Reply with nothing but how many lines in the entries below include "InputSameDT".

Content starts

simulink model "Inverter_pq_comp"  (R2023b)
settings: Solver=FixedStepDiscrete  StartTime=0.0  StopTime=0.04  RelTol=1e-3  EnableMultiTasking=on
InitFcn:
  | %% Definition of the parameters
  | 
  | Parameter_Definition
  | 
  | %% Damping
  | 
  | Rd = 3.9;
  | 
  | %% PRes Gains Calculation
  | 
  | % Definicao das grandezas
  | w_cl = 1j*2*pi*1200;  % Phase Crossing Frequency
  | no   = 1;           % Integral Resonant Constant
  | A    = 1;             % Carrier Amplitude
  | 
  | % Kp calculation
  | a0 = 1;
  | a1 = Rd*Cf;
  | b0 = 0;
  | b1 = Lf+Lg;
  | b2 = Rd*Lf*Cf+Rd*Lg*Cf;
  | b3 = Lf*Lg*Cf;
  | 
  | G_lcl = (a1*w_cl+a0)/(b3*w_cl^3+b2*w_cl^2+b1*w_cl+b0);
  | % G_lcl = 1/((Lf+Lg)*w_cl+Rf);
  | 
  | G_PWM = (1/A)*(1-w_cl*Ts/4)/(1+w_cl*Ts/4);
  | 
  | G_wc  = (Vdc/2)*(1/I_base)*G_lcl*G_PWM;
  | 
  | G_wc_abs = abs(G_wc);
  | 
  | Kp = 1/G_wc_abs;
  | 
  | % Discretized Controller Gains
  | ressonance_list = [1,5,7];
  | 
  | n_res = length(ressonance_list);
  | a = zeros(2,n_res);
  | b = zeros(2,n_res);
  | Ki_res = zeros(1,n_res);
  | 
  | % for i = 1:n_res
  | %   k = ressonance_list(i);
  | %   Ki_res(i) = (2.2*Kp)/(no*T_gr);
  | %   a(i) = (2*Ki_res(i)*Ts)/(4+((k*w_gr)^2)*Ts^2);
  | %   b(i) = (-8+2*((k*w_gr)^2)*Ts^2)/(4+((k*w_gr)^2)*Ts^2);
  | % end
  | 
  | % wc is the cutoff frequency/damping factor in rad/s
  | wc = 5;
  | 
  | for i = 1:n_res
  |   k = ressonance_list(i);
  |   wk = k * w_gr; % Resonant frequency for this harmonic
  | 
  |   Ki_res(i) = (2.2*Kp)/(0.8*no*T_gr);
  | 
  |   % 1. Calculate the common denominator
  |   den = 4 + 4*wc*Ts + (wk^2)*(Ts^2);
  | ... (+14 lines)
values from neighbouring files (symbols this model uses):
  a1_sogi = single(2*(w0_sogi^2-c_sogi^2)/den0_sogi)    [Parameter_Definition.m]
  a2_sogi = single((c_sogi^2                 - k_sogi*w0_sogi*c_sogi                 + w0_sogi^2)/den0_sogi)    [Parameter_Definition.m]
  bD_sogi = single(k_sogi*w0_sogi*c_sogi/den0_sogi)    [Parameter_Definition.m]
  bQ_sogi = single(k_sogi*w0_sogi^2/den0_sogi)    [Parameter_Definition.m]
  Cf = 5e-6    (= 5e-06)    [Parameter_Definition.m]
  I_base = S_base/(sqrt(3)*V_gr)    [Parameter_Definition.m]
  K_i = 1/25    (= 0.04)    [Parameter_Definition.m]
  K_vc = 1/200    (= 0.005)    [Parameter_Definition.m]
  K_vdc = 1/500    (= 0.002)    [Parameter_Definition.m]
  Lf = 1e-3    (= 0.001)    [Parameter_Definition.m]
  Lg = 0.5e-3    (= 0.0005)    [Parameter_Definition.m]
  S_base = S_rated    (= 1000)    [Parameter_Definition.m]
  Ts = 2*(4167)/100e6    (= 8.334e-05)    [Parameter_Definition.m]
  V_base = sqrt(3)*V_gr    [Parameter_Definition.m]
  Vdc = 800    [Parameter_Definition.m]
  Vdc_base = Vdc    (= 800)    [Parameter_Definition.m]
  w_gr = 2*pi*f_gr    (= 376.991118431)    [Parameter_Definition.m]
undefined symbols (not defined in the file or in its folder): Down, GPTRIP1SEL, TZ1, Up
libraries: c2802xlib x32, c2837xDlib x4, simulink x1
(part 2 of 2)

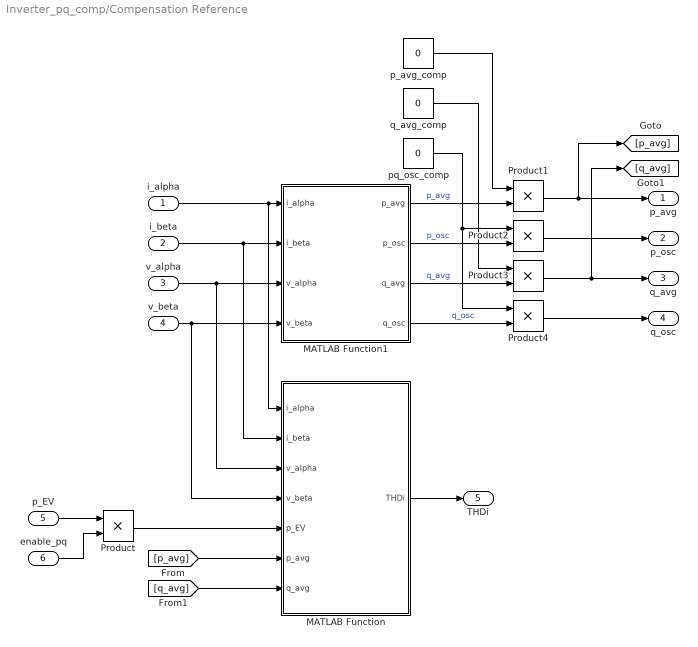
== system Inverter_pq_comp/Compensation Reference ==
  i_alpha : Inport
  i_beta : Inport  Port=2
  v_alpha : Inport  Port=3
  v_beta : Inport  Port=4
  p_EV : Inport  Port=5
  enable_pq : Inport  Port=6
  MATLAB Function : MATLAB Function  TreatAsAtomicUnit=on
  MATLAB Function1 : MATLAB Function  TreatAsAtomicUnit=on
  Product{,1..4} (5 alike) : Product
  p_avg_comp : Constant  Value=0  OutDataTypeStr=single
  pq_osc_comp : Constant  Value=0  OutDataTypeStr=single
  q_avg_comp : Constant  Value=0  OutDataTypeStr=single
  p_avg : Outport
  p_osc : Outport  Port=2
  q_avg : Outport  Port=3
  q_osc : Outport  Port=4
  THDi : Outport  Port=5
  wires:
  MATLAB Function1/1(p_avg) -> Product1/2  "p_avg"
  MATLAB Function1/3(q_avg) -> Product3/2  "q_avg"
  MATLAB Function1/2(p_osc) -> Product2/2  "p_osc"
  i_alpha/1 -> MATLAB Function/1(i_alpha), MATLAB Function1/1(i_alpha)
  MATLAB Function1/4(q_osc) -> Product4/2  "q_osc"
  i_beta/1 -> MATLAB Function/2(i_beta), MATLAB Function1/2(i_beta)
  v_alpha/1 -> MATLAB Function/3(v_alpha), MATLAB Function1/3(v_alpha)
  v_beta/1 -> MATLAB Function/4(v_beta), MATLAB Function1/4(v_beta)
  Product1/1 -> [p_avg], p_avg/1
  Product2/1 -> p_osc/1
  Product3/1 -> [q_avg], q_avg/1
  Product4/1 -> q_osc/1
  [p_avg] -> MATLAB Function/6(p_avg)
  [q_avg] -> MATLAB Function/7(q_avg)
  MATLAB Function/1(THDi) -> THDi/1
  Product/1 -> MATLAB Function/5(p_EV)
  p_EV/1 -> Product/1
  enable_pq/1 -> Product/2
  p_avg_comp/1 -> Product1/1
  q_avg_comp/1 -> Product3/1
  pq_osc_comp/1 -> Product4/1, Product2/1

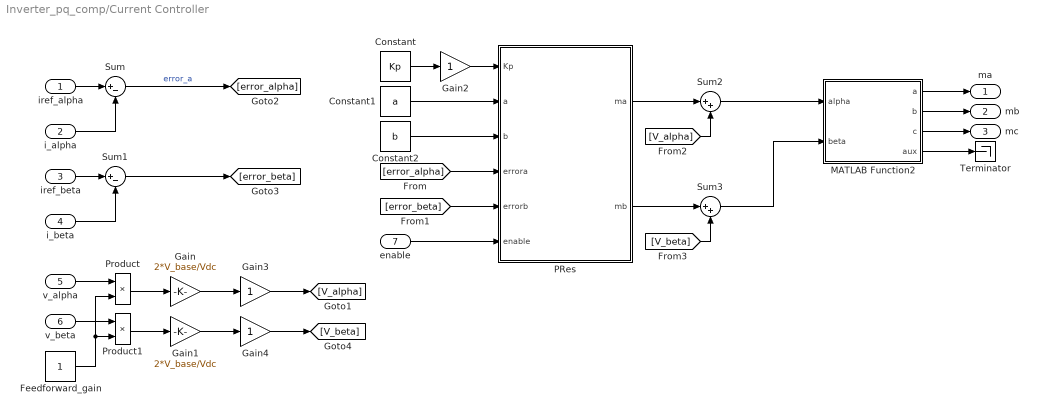
== system Inverter_pq_comp/Current Controller ==
  iref_alpha : Inport
  i_alpha : Inport  Port=2
  iref_beta : Inport  Port=3
  i_beta : Inport  Port=4
  v_alpha : Inport  Port=5
  v_beta : Inport  Port=6
  enable : Inport  Port=7
  Constant : Constant  Value=Kp  OutDataTypeStr=single
  Constant1 : Constant  Value=a  OutDataTypeStr=single
  Constant2 : Constant  Value=b  OutDataTypeStr=single
  Feedforward_gain : Constant  OutDataTypeStr=single
  Gain : Gain  Gain=2*V_base/Vdc
  Gain1 : Gain  Gain=2*V_base/Vdc
  Gain2 : Gain
  Gain3 : Gain
  Gain4 : Gain
  MATLAB Function2 : MATLAB Function  TreatAsAtomicUnit=on
  PRes : MATLAB Function  TreatAsAtomicUnit=on
  Product : Product
  Product1 : Product
  Sum : Sum  Inputs=|+-
  Sum1 : Sum  Inputs=|+-
  Sum2 : Sum  Inputs=|++
  Sum3 : Sum  Inputs=|++
  Terminator : Terminator
  ma : Outport
  mb : Outport  Port=2
  mc : Outport  Port=3
  wires:
  Constant1/1 -> PRes/2(a)
  Constant2/1 -> PRes/3(b)
  [error_alpha] -> PRes/4(errora)
  [error_beta] -> PRes/5(errorb)
  iref_alpha/1 -> Sum/1
  i_alpha/1 -> Sum/2
  iref_beta/1 -> Sum1/1
  i_beta/1 -> Sum1/2
  Sum1/1 -> [error_beta]
  Sum/1 -> [error_alpha]  "error_a"
  enable/1 -> PRes/6(enable)
  PRes/1(ma) -> Sum2/1
  Sum2/1 -> MATLAB Function2/1(alpha)
  PRes/2(mb) -> Sum3/1
  [V_alpha] -> Sum2/2
  [V_beta] -> Sum3/2
  v_beta/1 -> Product1/1
  Product1/1 -> Gain1/1
  v_alpha/1 -> Product/1
  Product/1 -> Gain/1
  Feedforward_gain/1 -> Product/2, Product1/2
  Constant/1 -> Gain2/1
  MATLAB Function2/1(a) -> ma/1
  MATLAB Function2/2(b) -> mb/1
  MATLAB Function2/3(c) -> mc/1
  MATLAB Function2/4(aux) -> Terminator/1
  Sum3/1 -> MATLAB Function2/2(beta)
  Gain/1 -> Gain3/1
  Gain1/1 -> Gain4/1
  Gain2/1 -> PRes/1(Kp)
  Gain3/1 -> [V_alpha]
  Gain4/1 -> [V_beta]

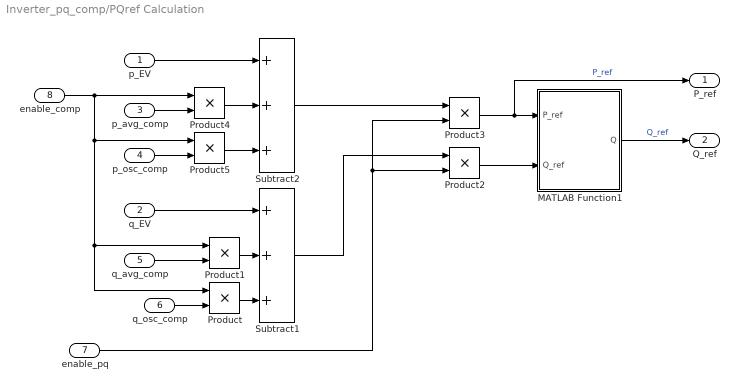
== system Inverter_pq_comp/PQref Calculation ==
  p_EV : Inport
  q_EV : Inport  Port=2
  p_avg_comp : Inport  Port=3
  p_osc_comp : Inport  Port=4
  q_avg_comp : Inport  Port=5
  q_osc_comp : Inport  Port=6
  enable_pq : Inport  Port=7
  enable_comp : Inport  Port=8
  MATLAB Function1 : MATLAB Function  TreatAsAtomicUnit=on
  Product{,1..5} (6 alike) : Product
  Subtract1 : Sum  Inputs=+++
  Subtract2 : Sum  Inputs=+++
  P_ref : Outport
  Q_ref : Outport  Port=2
  wires:
  p_osc_comp/1 -> Product5/2
  Product/1 -> Subtract1/3
  MATLAB Function1/1(Q) -> Q_ref/1  "Q_ref"
  Product1/1 -> Subtract1/2
  p_avg_comp/1 -> Product4/2
  q_osc_comp/1 -> Product/2
  q_avg_comp/1 -> Product1/2
  Product4/1 -> Subtract2/2
  p_EV/1 -> Subtract2/1
  Product5/1 -> Subtract2/3
  q_EV/1 -> Subtract1/1
  Subtract1/1 -> Product2/1
  Product2/1 -> MATLAB Function1/2(Q_ref)
  Product3/1 -> P_ref/1, MATLAB Function1/1(P_ref)  "P_ref"
  enable_pq/1 -> Product3/2, Product2/2
  Subtract2/1 -> Product3/1
  enable_comp/1 -> Product/1, Product1/1, Product5/1, Product4/1

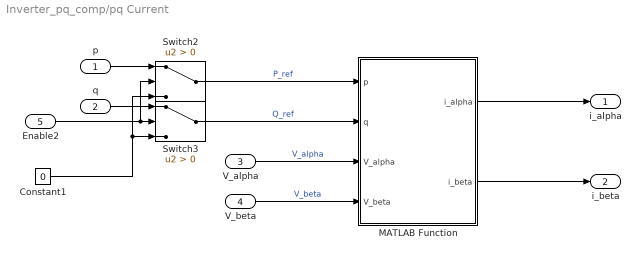
== system Inverter_pq_comp/pq Current ==
  p : Inport
  q : Inport  Port=2
  V_alpha : Inport  Port=3
  V_beta : Inport  Port=4
  Enable2 : Inport  Port=5
  Constant1 : Constant  Value=0  OutDataTypeStr=single
  MATLAB Function : MATLAB Function  TreatAsAtomicUnit=on
  Switch2 : Switch  Criteria=u2 > Threshold  SaturateOnIntegerOverflow=off  InputSameDT=off
  Switch3 : Switch  Criteria=u2 > Threshold  SaturateOnIntegerOverflow=off  InputSameDT=off
  i_alpha : Outport
  i_beta : Outport  Port=2
  wires:
  V_beta/1 -> MATLAB Function/4(V_beta)  "V_beta"
  V_alpha/1 -> MATLAB Function/3(V_alpha)  "V_alpha"
  MATLAB Function/1(i_alpha) -> i_alpha/1
  MATLAB Function/2(i_beta) -> i_beta/1
  p/1 -> Switch2/1
  Switch3/1 -> MATLAB Function/2(q)  "Q_ref"
  q/1 -> Switch3/1
  Constant1/1 -> Switch2/3, Switch3/3
  Enable2/1 -> Switch2/2, Switch3/2
  Switch2/1 -> MATLAB Function/1(p)  "P_ref"

== matlab function Inverter_pq_comp/RMS_fcn4 ==
  data: RMSin input; yout output
function yout = fcn(RMSin)

win = 200;

persistent sampleRMS
    if isempty(sampleRMS)
        sampleRMS = single(0.0);
    end
    if sampleRMS>=win
        sampleRMS = single(0.0);
    end

persistent RMSout
if isempty(RMSout)
    RMSout = single(0.0);
end    
persistent sumRMS
if isempty(sumRMS)
    sumRMS = single(0.0);
end
persistent RMSinArray
     if isempty(RMSinArray)
         RMSinArray = zeros(1,win);
     end

sampleRMS = sampleRMS + 1;      

%RMS of Input Signal
sumRMS = sumRMS + RMSin*RMSin - RMSinArray(1,sampleRMS);
RMSinArray(1,sampleRMS) = RMSin*RMSin;
if sumRMS>=0.0
    RMSout = sqrt(sumRMS/win);
end

%RMSout = RMSout_temp;

yout = RMSout;

== matlab function Inverter_pq_comp/RMS_fcn5 ==
  data: RMSin input; yout output
function yout = fcn(RMSin)

win = 200;

persistent sampleRMS
    if isempty(sampleRMS)
        sampleRMS = single(0.0);
    end
    if sampleRMS>=win
        sampleRMS = single(0.0);
    end

persistent RMSout
if isempty(RMSout)
    RMSout = single(0.0);
end    
persistent sumRMS
if isempty(sumRMS)
    sumRMS = single(0.0);
end
persistent RMSinArray
     if isempty(RMSinArray)
         RMSinArray = zeros(1,win);
     end

sampleRMS = sampleRMS + 1;      

%RMS of Input Signal
sumRMS = sumRMS + RMSin*RMSin - RMSinArray(1,sampleRMS);
RMSinArray(1,sampleRMS) = RMSin*RMSin;
if sumRMS>=0.0
    RMSout = sqrt(sumRMS/win);
end

%RMSout = RMSout_temp;

yout = RMSout;

== matlab function Inverter_pq_comp/Compensation Reference/MATLAB Function1 ==
  data: i_alpha input; p_avg output; i_beta input; v_alpha input; v_beta input; p_osc output; q_avg output; q_osc output
function [p_avg, p_osc, q_avg, q_osc] = pqCalc(i_alpha, i_beta, v_alpha, v_beta)
    % Initial logic and parameters are validated. 
    % Standard processing applied for spatial vector alignment.

    persistent buffer_p buffer_q sum_p sum_q idx
    window = 200; % Must match your 12000Hz/60Hz window size exactly
    
    if isempty(buffer_p)
        buffer_p = zeros(window, 1);
        buffer_q = zeros(window, 1);
        sum_p = single(0.0);
        sum_q = single(0.0);
        idx = 1;
    end
    
    % Final transformation: Strip scaling coefficients to match I_total_sq domain
    p = (v_alpha * i_alpha) + (v_beta * i_beta);
    q = (v_beta * i_alpha) - (v_alpha * i_beta);
    
    % Align filter topology to match current/voltage sliding window
    old_p = buffer_p(idx);
    old_q = buffer_q(idx);
    
    buffer_p(idx) = p;
    buffer_q(idx) = q;
    
    sum_p = sum_p + p - old_p;
    sum_q = sum_q + q - old_q;
    
    idx = idx + 1;
    if idx > window
        idx = 1;
    end
    
    p_avg = sum_p / window;
    q_avg = sum_q / window;
    
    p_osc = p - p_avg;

Content ends

_Solved problem_. 2